P.2d 1214 (1980)). The cumulative effect of the court’s interjections constitutes a

manifest constitutional error requiring reversal and remand before a different judge. 85261-2-I/2

FACTS

In June 2022, the State charged then 15-year-old D.L.W. with escape in the

second degree in juvenile court in King County. RCW 9A.76.120(1)(b). The State

alleged that D.L.W.,

[i]n King County, Washington, on or about May 1, 2022, after having been charged with the felony of Assault in the First Degree and Unlawful Possession of a Firearm in the Second Degree, did knowingly escape from the custody of Department of Adult and Juvenile Detention, Alternatives to Secure Detention, knowing that his actions would result in leaving custody without permission.
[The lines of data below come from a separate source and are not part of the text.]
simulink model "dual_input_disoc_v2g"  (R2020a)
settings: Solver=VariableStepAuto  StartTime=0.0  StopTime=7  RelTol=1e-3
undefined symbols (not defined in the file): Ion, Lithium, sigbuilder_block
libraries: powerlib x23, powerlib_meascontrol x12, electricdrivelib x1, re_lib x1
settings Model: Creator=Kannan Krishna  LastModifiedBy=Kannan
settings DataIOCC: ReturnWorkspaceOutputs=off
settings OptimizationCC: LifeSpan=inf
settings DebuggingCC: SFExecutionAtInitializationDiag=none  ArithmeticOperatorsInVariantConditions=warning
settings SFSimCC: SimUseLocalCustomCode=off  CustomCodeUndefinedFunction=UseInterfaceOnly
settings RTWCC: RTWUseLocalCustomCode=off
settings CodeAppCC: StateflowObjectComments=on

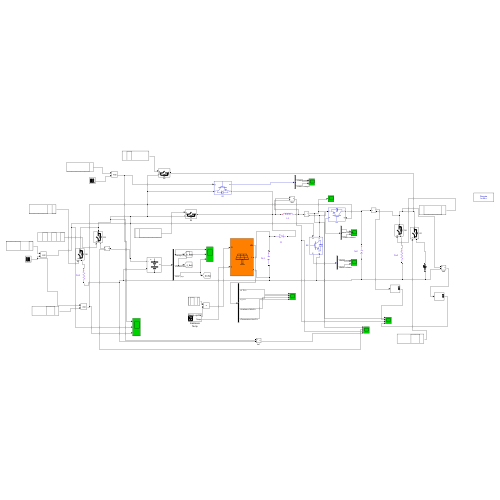
[thumbnail: Simulink's stored preview of the top-level diagram]
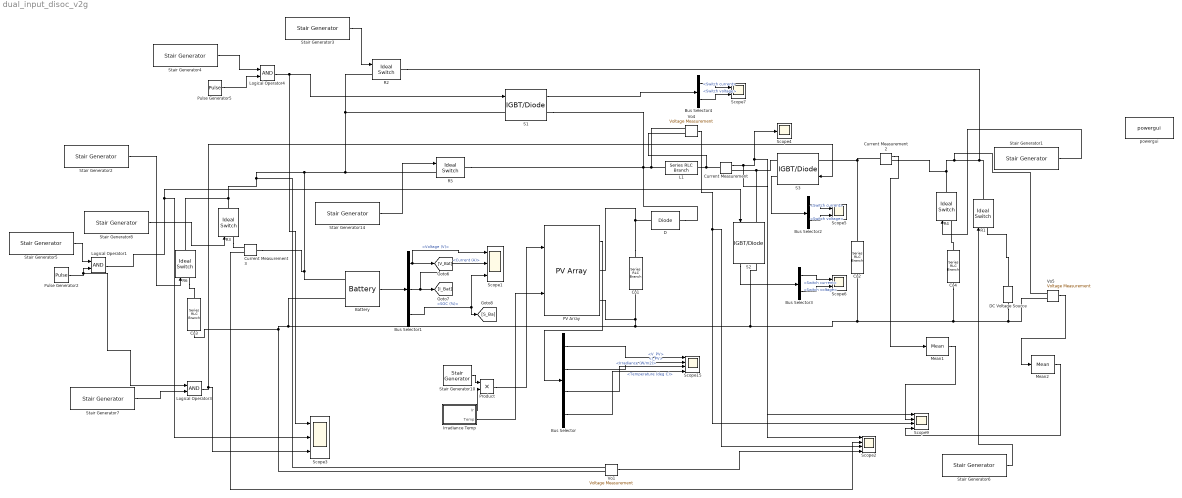
== system dual_input_disoc_v2g ==
  Battery : electricdrivelib/Extra Sources/Battery  BatType=Lithium-Ion  ShowTempParam=off  ThermalPreset=no  ShowAgeParam=off  NomV=36  NomQ=80  SOC=80  Batt_Tr=0.1  PresetModel=on  MaxQ=80  MinV=27  FullV=41.9035  Dis_rate=34.7826  R=0.0045  Normal_OP=72.3478  expZone="[38.8939      3.93043]"  current=[6.5 13 32.5]  Units=Time  Tci=20  NomT=20  T2=-30  MaxQ2=4.8  FullV2=7.1  Normal_OP2=5.655  expZone2="[6.58           1]"  Rca=0.6  ti=2000  Dp=0  Neq0=0  Tsim=1e6  Ta1=25  Qeol=5.4*0.9  Reol=0.013333*1.2  Char_age=[2.3478, 3]  Dis_age=[2.3478, 10]  N1=1500  N2=10500  N3=1000  N4=1400  Ta2=45  N5=950
  Bus Selector : BusSelector  OutputSignals=V_PV,I_PV,Irradiance (W/m2),Temperature (deg C)
  Bus Selector1 : BusSelector  OutputSignals=Voltage (V),Current (A),SOC (%)
  Bus Selector2 : BusSelector  OutputSignals=Switch current,Switch voltage
  Bus Selector3 : BusSelector  OutputSignals=Switch current,Switch voltage
  Bus Selector4 : BusSelector  OutputSignals=Switch current,Switch voltage
  Co1 : powerlib/Elements/Series RLC Branch  LConnTagsString=__new0  RConnTagsString=__new0  BranchType=C  Resistance=1  Inductance=1e-3  SetiL0=off  InitialCurrent=0  Capacitance=100E-6  Setx0=off  InitialVoltage=0  Measurements=None
  Co2 : powerlib/Elements/Series RLC Branch  LConnTagsString=__new0  RConnTagsString=__new0  BranchType=C  Resistance=1  Inductance=1e-3  SetiL0=off  InitialCurrent=0  Capacitance=470e-6  Setx0=off  InitialVoltage=0  Measurements=None
  Co3 : powerlib/Elements/Series RLC Branch  LConnTagsString=__new0  RConnTagsString=__new0  BranchType=R  Resistance=10  Inductance=1e-3  SetiL0=off  InitialCurrent=0  Capacitance=470e-6  Setx0=off  InitialVoltage=0  Measurements=None
  Co4 : powerlib/Elements/Series RLC Branch  LConnTagsString=__new0  RConnTagsString=__new0  BranchType=R  Resistance=12.5  Inductance=1e-3  SetiL0=off  InitialCurrent=0  Capacitance=470e-6  Setx0=off  InitialVoltage=0  Measurements=None
  Current Measurement : powerlib/Measurements/Current Measurement  PhasorSimulation=off  OutputType=Complex  PSBequivalent=0
  Current Measurement2 : powerlib/Measurements/Current Measurement  PhasorSimulation=off  OutputType=Complex  PSBequivalent=0
  Current Measurement3 : powerlib/Measurements/Current Measurement  PhasorSimulation=off  OutputType=Complex  PSBequivalent=0
  D : powerlib/Power Electronics/Diode  Ron=0.001  Lon=0  Vf=0.8  IC=0  UseSnubber=off  Rs=500*inf  Cs=250e-9  Measurements=off
  DC Voltage Source : powerlib/Electrical Sources/DC Voltage Source  Amplitude=48  Measurements=None
  Irradiance Temp : Subsystem  Tag=STV Subsys  LoadFcn=sigbuilder_block('load');  StartFcn=sigbuilder_block('start');  StopFcn=sigbuilder_block('stop');  ClipboardFcn=sigbuilder_block('clipboard');  mask(Sigbuilder block){tuvar=[0:10]}
      mask help: Sigbuilder GUI
      mask init:
      | if ~strcmp(get_param(bdroot(gcbh),'SimulationStatus'),'stopped') tuvar = sigbuilder_block('maskInit'); end
      settings: CopyFcn=sigbuilder_block('copy');  DeleteFcn=sigbuilder_block('delete');  ModelCloseFcn=sigbuilder_block('modelClose');  PreSaveFcn=sigbuilder_block('preSave');  PauseFcn=sigbuilder_block('pause')  ContinueFcn=sigbuilder_block('continue')  NameChangeFcn=sigbuilder_block('namechange');  OpenFcn=sigbuilder_block('open',[0 0 492.75 360.75 ]);  CloseFcn=sigbuilder_block('close');
      mask Display: plot(0, 0, 100, 100,[2, 2, 32, 32, 2], [68, 8, 8, 68, 68],[32, 2], [38, 38], [32, 19, 2],[53, 60, 44], [32, 17, 17, 2],[16, 16, 31, 31]);txt = getActiveGroup(gcbh);text(2, 100, txt,'verticalAlignment', 'top');
  L1 : powerlib/Elements/Series RLC Branch  LConnTagsString=__new0  RConnTagsString=__new0  BranchType=L  Resistance=500  Inductance=3e-3  SetiL0=off  InitialCurrent=0  Capacitance=1e-6  Setx0=off  InitialVoltage=0  Measurements=None
  Logical Operator1 : Logic  AllPortsSameDT=off  OutDataTypeStr=boolean
  Logical Operator3 : Logic  AllPortsSameDT=off  OutDataTypeStr=boolean
  Logical Operator4 : Logic  AllPortsSameDT=off  OutDataTypeStr=boolean
  Mean1 : powerlib_meascontrol/Measurements/Mean  Freq=100  Vinit=0  Ts=0
  Mean2 : powerlib_meascontrol/Measurements/Mean  Freq=100  Vinit=0  Ts=0
  PV Array : re_lib/Solar/PV Array  Npar=1  Nser=1  PlotType=one module @ 25 deg.C & specified irradiances  S_vec="[ 1000 800 500  250 ]"  Temp_C_vec="[0 25 50  ]"  ModuleName=Upsolar UP-M240M  PlotWhenSelected=on  Pm=239.3168  Ncell=60  Voc=37.53  Isc=8.5  Vm=29.84  Im=8.02  beta_Voc_pc=-0.3818  alpha_Isc_pc=-0.051  beta_Voc=-0.14329  alpha_Isc=-0.004335  IL=8.522  I0=5.1201e-10  nI=1.0347  Rsh=831.813  Rs=0.38633  RobustModel=off  RobustCellTemperature=313.3991  BAL=on  Tc=Tc  Tfilter=5e-5
  Product : Product
  Pulse Generator2 : DiscretePulseGenerator  PulseType=Time based  Period=1/20000  PulseWidth=30
  Pulse Generator5 : DiscretePulseGenerator  PulseType=Time based  Period=1/20000  PulseWidth=15
  R{1..6} (6 alike) : powerlib/Power Electronics/Ideal Switch  Ron=0.001  Lon=0  IC=0  Rs=1e5  Cs=inf  Measurements=off
  S1 : powerlib/Power Electronics/IGBT//Diode  Ron=1e-3  Rs=1e5  Cs=inf  Measurements=on
  S2 : powerlib/Power Electronics/IGBT//Diode  Ron=1e-3  Rs=1e5  Cs=inf  Measurements=on
  S3 : powerlib/Power Electronics/IGBT//Diode  Ron=1e-3  Rs=1e5  Cs=inf  Measurements=on
  Scope1 : Scope  NumInputPorts=3
  Scope15 : Scope  NumInputPorts=4
  Scope2 : Scope  NumInputPorts=4
  Scope3 : Scope  NumInputPorts=3
  Scope4 : Scope
  Scope5 : Scope  NumInputPorts=2
  Scope6 : Scope  NumInputPorts=2
  Scope7 : Scope  NumInputPorts=2
  Scope9 : Scope  NumInputPorts=4
  Stair Generator1 : powerlib_meascontrol/Pulse & Signal Generators/Stair Generator  t=[0,1,1.1, 2,2.1,3,3.1,4,4.1,5,5.1,6,6.1,7]  e=[1,1,1,1,0,0,0,0,0,0,0,0,1,1]  Ts=0
  Stair Generator10 : powerlib_meascontrol/Pulse & Signal Generators/Stair Generator  t=[0,1,1.1, 2,2.1,3,3.1,4,4.1,5,5.1,6,6.1,7]  e=[1,1,0,0,1,1,1,1,0,0,0,0,1,1]  Ts=0
  Stair Generator14 : powerlib_meascontrol/Pulse & Signal Generators/Stair Generator  t=[0,1,1.1, 2,2.1,3,3.1,4,4.1,5,5.1,6,6.1,7]  e=[0,0,1,1,0,0,0,0,0,0,0,0,0,0]  Ts=0
  Stair Generator2 : powerlib_meascontrol/Pulse & Signal Generators/Stair Generator  t=[0,1,1.1, 2,2.1,3,3.1,4,4.1,5,5.1,6,6.1,7]  e=[0,0,0,0,0,0,0,0,0,0,1,1,0,0]  Ts=0
  Stair Generator3 : powerlib_meascontrol/Pulse & Signal Generators/Stair Generator  t=[0,1,1.1, 2,2.1,3,3.1,4,4.1,5,5.1,6,6.1,7]  e=[0,0,0,0,1,1,0,0,0,0,0,0,0,0]  Ts=0
  Stair Generator4 : powerlib_meascontrol/Pulse & Signal Generators/Stair Generator  t=[0,1,1.1, 2,2.1,3,3.1,4,4.1,5,5.1,6,6.1,7]  e=[0,0,0,0,0,0,0,0,0,0,0,0,1,1]  Ts=0
  Stair Generator5 : powerlib_meascontrol/Pulse & Signal Generators/Stair Generator  t=[0,1,1.1, 2,2.1,3,3.1,4,4.1,5,5.1,6,6.1,7]  e=[1,1,1,1,1,1,1,1,0,0,0,0,1,1]  Ts=0
  Stair Generator6 : powerlib_meascontrol/Pulse & Signal Generators/Stair Generator  t=[0,1,1.1, 2,2.1,3,3.1,4,4.1,5,5.1,6,6.1,7]  e=[0,0,0,0,0,0,0,0,1,1,1,1,0,0]  Ts=0
  Stair Generator7 : powerlib_meascontrol/Pulse & Signal Generators/Stair Generator  t=[0,1,1.1, 2,2.1,3,3.1,4,4.1,5,5.1,6,6.1,7]  e=[0,0,0,0,0,0,0,0,1,1,1,1,0,0]  Ts=0
  Stair Generator8 : powerlib_meascontrol/Pulse & Signal Generators/Stair Generator  t=[0,1,1.1, 2,2.1,3,3.1,4,4.1,5,5.1,6,6.1,7]  e=[0,0,0,0,1,1,0,0,1,1,0,0,1,1]  Ts=0
  Vo1 : powerlib/Measurements/Voltage Measurement  PhasorSimulation=off  OutputType=Complex  PSBequivalent=0
  Vo4 : powerlib/Measurements/Voltage Measurement  PhasorSimulation=off  OutputType=Complex  PSBequivalent=0
  Vo5 : powerlib/Measurements/Voltage Measurement  PhasorSimulation=off  OutputType=Complex  PSBequivalent=0
  powergui : powerlib/powergui  Priority=1  SimulationMode=Discrete  SampleTime=1e-6  frequency=60  Iterations=50  frequencyindice=0  Pbase=100e6  ErrMax=1e-4  UnitsV=kV  UnitsW=MW  buscounter=0  FunctionMessages=off  echomessages=off  EnableUseOfTLC=off  CurrentSourceSwitches=off  DisableSnubberDevices=off  DisableRonSwitches=off  DisableVfSwitches=off  DisplayEquations=off  AutomaticDiscreteSolvers=off  SolverType=Tustin/Backward Euler (TBE)  Interpol=off  ExternalGateDelay=off  methode=off  Ts=100  x0status=blocks  SPID=off  SwTol=0  HookPort=off  NonlinearTolerance=1e-4  nMaxIteration=100  ContinueOnMaxIteration=off  RestoreLinks=warning  ResistiveCurrentMeasurement=off  Frange=[0:2:500]  Ylog=off  Xlog=on  ShowGrid=off  save=off  variable=ZData  structure=0  ZoomFFT=off  StartTime=0.0  cycles=1  DisplayStyle=1  fundamental=60  FreqAxis=off  MaxFrequency=1000  frequencyindicesteady=1  RmsSteady=1  display=off
  wires:
  Stair Generator1/1 -> R4/1
  Stair Generator5/1 -> Logical Operator1/1
  Bus Selector1/3 -> Scope1/3, [S_Ba]  "<SOC (%)>"
  Battery/1 -> Bus Selector1/1
  Bus Selector1/2 -> [I_Bat], Scope1/2  "<Current (A)>"
  Bus Selector1/1 -> [V_Bat], Scope1/1  "<Voltage (V)>"
  Pulse Generator5/1 -> Logical Operator4/2
  Stair Generator4/1 -> Logical Operator4/1
  Logical Operator4/1 -> Scope3/1, S1/1
  Logical Operator1/1 -> Scope3/2, S2/1
  Pulse Generator2/1 -> Logical Operator3/1, Logical Operator1/2
  Logical Operator3/1 -> Scope3/3, S3/1
  Stair Generator3/1 -> R2/1
  Stair Generator7/1 -> Logical Operator3/2
  Current Measurement/1 -> Scope9/1, Scope2/1, Scope4/1
  S3/1 -> Bus Selector2/1
  Bus Selector2/1 -> Scope5/1  "<Switch current>"
  Bus Selector2/2 -> Scope5/2  "<Switch voltage>"
  S2/1 -> Bus Selector3/1
  Bus Selector3/1 -> Scope6/1  "<Switch current>"
  Bus Selector3/2 -> Scope6/2  "<Switch voltage>"
  Bus Selector4/2 -> Scope7/2  "<Switch voltage>"
  Bus Selector4/1 -> Scope7/1  "<Switch current>"
  S1/1 -> Bus Selector4/1
  Vo4/1 -> Scope2/3, Scope9/3
  Stair Generator6/1 -> R1/1
  Stair Generator8/1 -> R3/1
  Current Measurement2/1 -> Mean1/1
  Current Measurement3/1 -> Scope2/2
  Stair Generator14/1 -> R5/1
  Vo1/1 -> Scope2/4
  PV Array/1 -> Bus Selector/1
  Stair Generator10/1 -> Product/1
  Bus Selector/4 -> Scope15/4  "<Temperature (deg C)>"
  Bus Selector/3 -> Scope15/3  "<Irradiance (W/m2)>"
  Irradiance Temp/1(Ir) -> Product/2
  Irradiance Temp/2(Temp) -> PV Array/2
  Bus Selector/2 -> Scope15/2  "<I_PV>"
  Product/1 -> PV Array/1
  Bus Selector/1 -> Scope15/1  "<V_PV>"
  Mean1/1 -> Scope9/2
  Vo5/1 -> Mean2/1
  Mean2/1 -> Scope9/4
  Stair Generator2/1 -> R6/1
  connections:
  PV Array/RConn2 -- Co4/RConn1 -- Vo5/LConn2 -- DC Voltage Source/LConn1 -- Co2/RConn1 -- S2/RConn1 -- Co3/RConn1 -- Vo1/LConn2 -- Battery/LConn2 -- Co1/RConn1
  R3/LConn1 -- Current Measurement3/RConn1
  R1/LConn1 -- DC Voltage Source/RConn1
  R5/LConn1 -- R6/RConn1 -- R3/RConn1 -- Vo1/LConn1 -- Current Measurement3/LConn1 -- Battery/LConn1 -- R2/LConn1 -- S1/LConn1
  S1/RConn1 -- D/RConn1 -- Vo4/LConn1 -- L1/LConn1 -- R5/RConn1
  S3/RConn1 -- Current Measurement/RConn1 -- S2/LConn1
  R1/RConn1 -- R2/RConn1 -- Vo5/LConn1 -- Current Measurement2/RConn1 -- R4/RConn1
  Current Measurement/LConn1 -- Vo4/LConn2 -- L1/RConn1
  Co2/LConn1 -- Current Measurement2/LConn1 -- S3/LConn1
  Co1/LConn1 -- PV Array/RConn1 -- D/LConn1
  R6/LConn1 -- Co3/LConn1
  Co4/LConn1 -- R4/LConn1

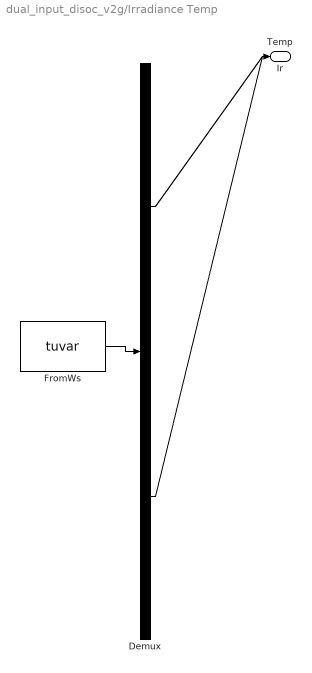
== system dual_input_disoc_v2g/Irradiance Temp ==
  Demux : Demux  Tag=STV Demux  Outputs=2
      settings: DisplayOption=none
  FromWs : FromWorkspace  Tag=STV FromWs  VariableName=tuvar
      SigBuilderData=|
      | common.afterFinalStr = 'Extrapolate'
      | common.sampleTime = '0'
      | dataSet(1).timeRange = [0 2]
      | dataSet(1).name = 'Constant Irradiance'
      | dataSet(2).timeRange = [0 4]
      | dataSet(2).name = 'Step Irradiance'
      | dataSet(3).timeRange = [0 2]
      | dataSet(3).name = 'Ramp-up/down Irradiance'
      | sbobj.Groups(1).Name = 'Constant Irradiance'
      | sbobj.Groups(1).Signals(1).Name = 'Ir'
      | sbobj.Groups(1).Signals(1).XData = [0 2]
      | sbobj.Groups(1).Signals(1).YData = [1000 1000]
      | sbobj.Groups(1).Signals(2).Name = 'Temp'
      | sbobj.Groups(1).Signals(2).XData = [0 1 1 2]
      | sbobj.Groups(1).Signals(2).YData = [0 0 1 1]
      | sbobj.Groups(1).TimeRange = [0 2]
      | sbobj.Groups(2).Name = 'Step Irradiance'
      | sbobj.Groups(2).Signals(1).Name = 'Ir'
      | sbobj.Groups(2).Signals(1).XData = [0 1 1 4]
      | sbobj.Groups(2).Signals(1).YData = [1000 1000 800 800]
      | sbobj.Groups(2).Signals(2).Name = 'Temp'
      | sbobj.Groups(2).Signals(2).XData = [0 1 1 4]
      | sbobj.Groups(2).Signals(2).YData = [0 0 1 1]
      | sbobj.Groups(2).TimeRange = [0 4]
      | sbobj.Groups(3).Name = 'Ramp-up/down Irradiance'
      | sbobj.Groups(3).Signals(1).Name = 'Ir'
      | sbobj.Groups(3).Signals(1).XData = [0 1 2]
      | sbobj.Groups(3).Signals(1).YData = [980 980 980]
      | sbobj.Groups(3).Signals(2).Name = 'Temp'
      | sbobj.Groups(3).Signals(2).XData = [0 2]
      | sbobj.Groups(3).Signals(2).YData = [25 25]
      | sbobj.Groups(3).TimeRange = [0 2]
  Ir : Outport  Tag=STV Outport  VectorParamsAs1DForOutWhenUnconnected=off
  Temp : Outport  Tag=STV Outport  Port=2  VectorParamsAs1DForOutWhenUnconnected=off
  wires:
  FromWs/1 -> Demux/1
  Demux/1 -> Ir/1
  Demux/2 -> Temp/1

To prove its case, the State called four witnesses to establish that D.L.W. knowingly left

custody without permission by cutting off his electronic home monitoring (EHM) ankle

bracelet. During the bench trial, the State called community custody placement and

corrections officers Sean Spencer, Fred Graves, Talia Carter, and Pamela Dunkley.

The defense did not call any witnesses.

A. Sean Spencer

The State first called Spencer, a community placement specialist, to testify

generally as to EHM contracts and the ankle monitor technology. Spencer testified that

they go over the contract with the juvenile and usually a parent, and that “we usually tell

them that just because you’re at home, you’re still in detention. So it’s home detention.”

Spencer testified that he usually summarizes the contract and does not read it step by

step because “that would take forever.” As to D.L.W. specifically, Spencer testified that

he was the one who placed D.L.W. on EHM during an earlier stint on EHM that began in

September 2021. When the State asked if he could recall conversations he had with

D.L.W. about being out of the monitoring range while on EHM or any other issue,

Spencer testified that he “believe[s] so” but could not be specific. During direct

2 85261-2-I/3

examination, Spencer said he specifically recalled going over what would happen if

D.L.W. cut off the monitor. Spencer explained that he goes over the escaping

acknowledgment: “he cut the bracelet off. You know, you’re on escape four here. In

another place with the bracelet on but you’re missing for a certain amount of time, and

you’re not supposed to be (indecipherable), you will be placed on escape status.”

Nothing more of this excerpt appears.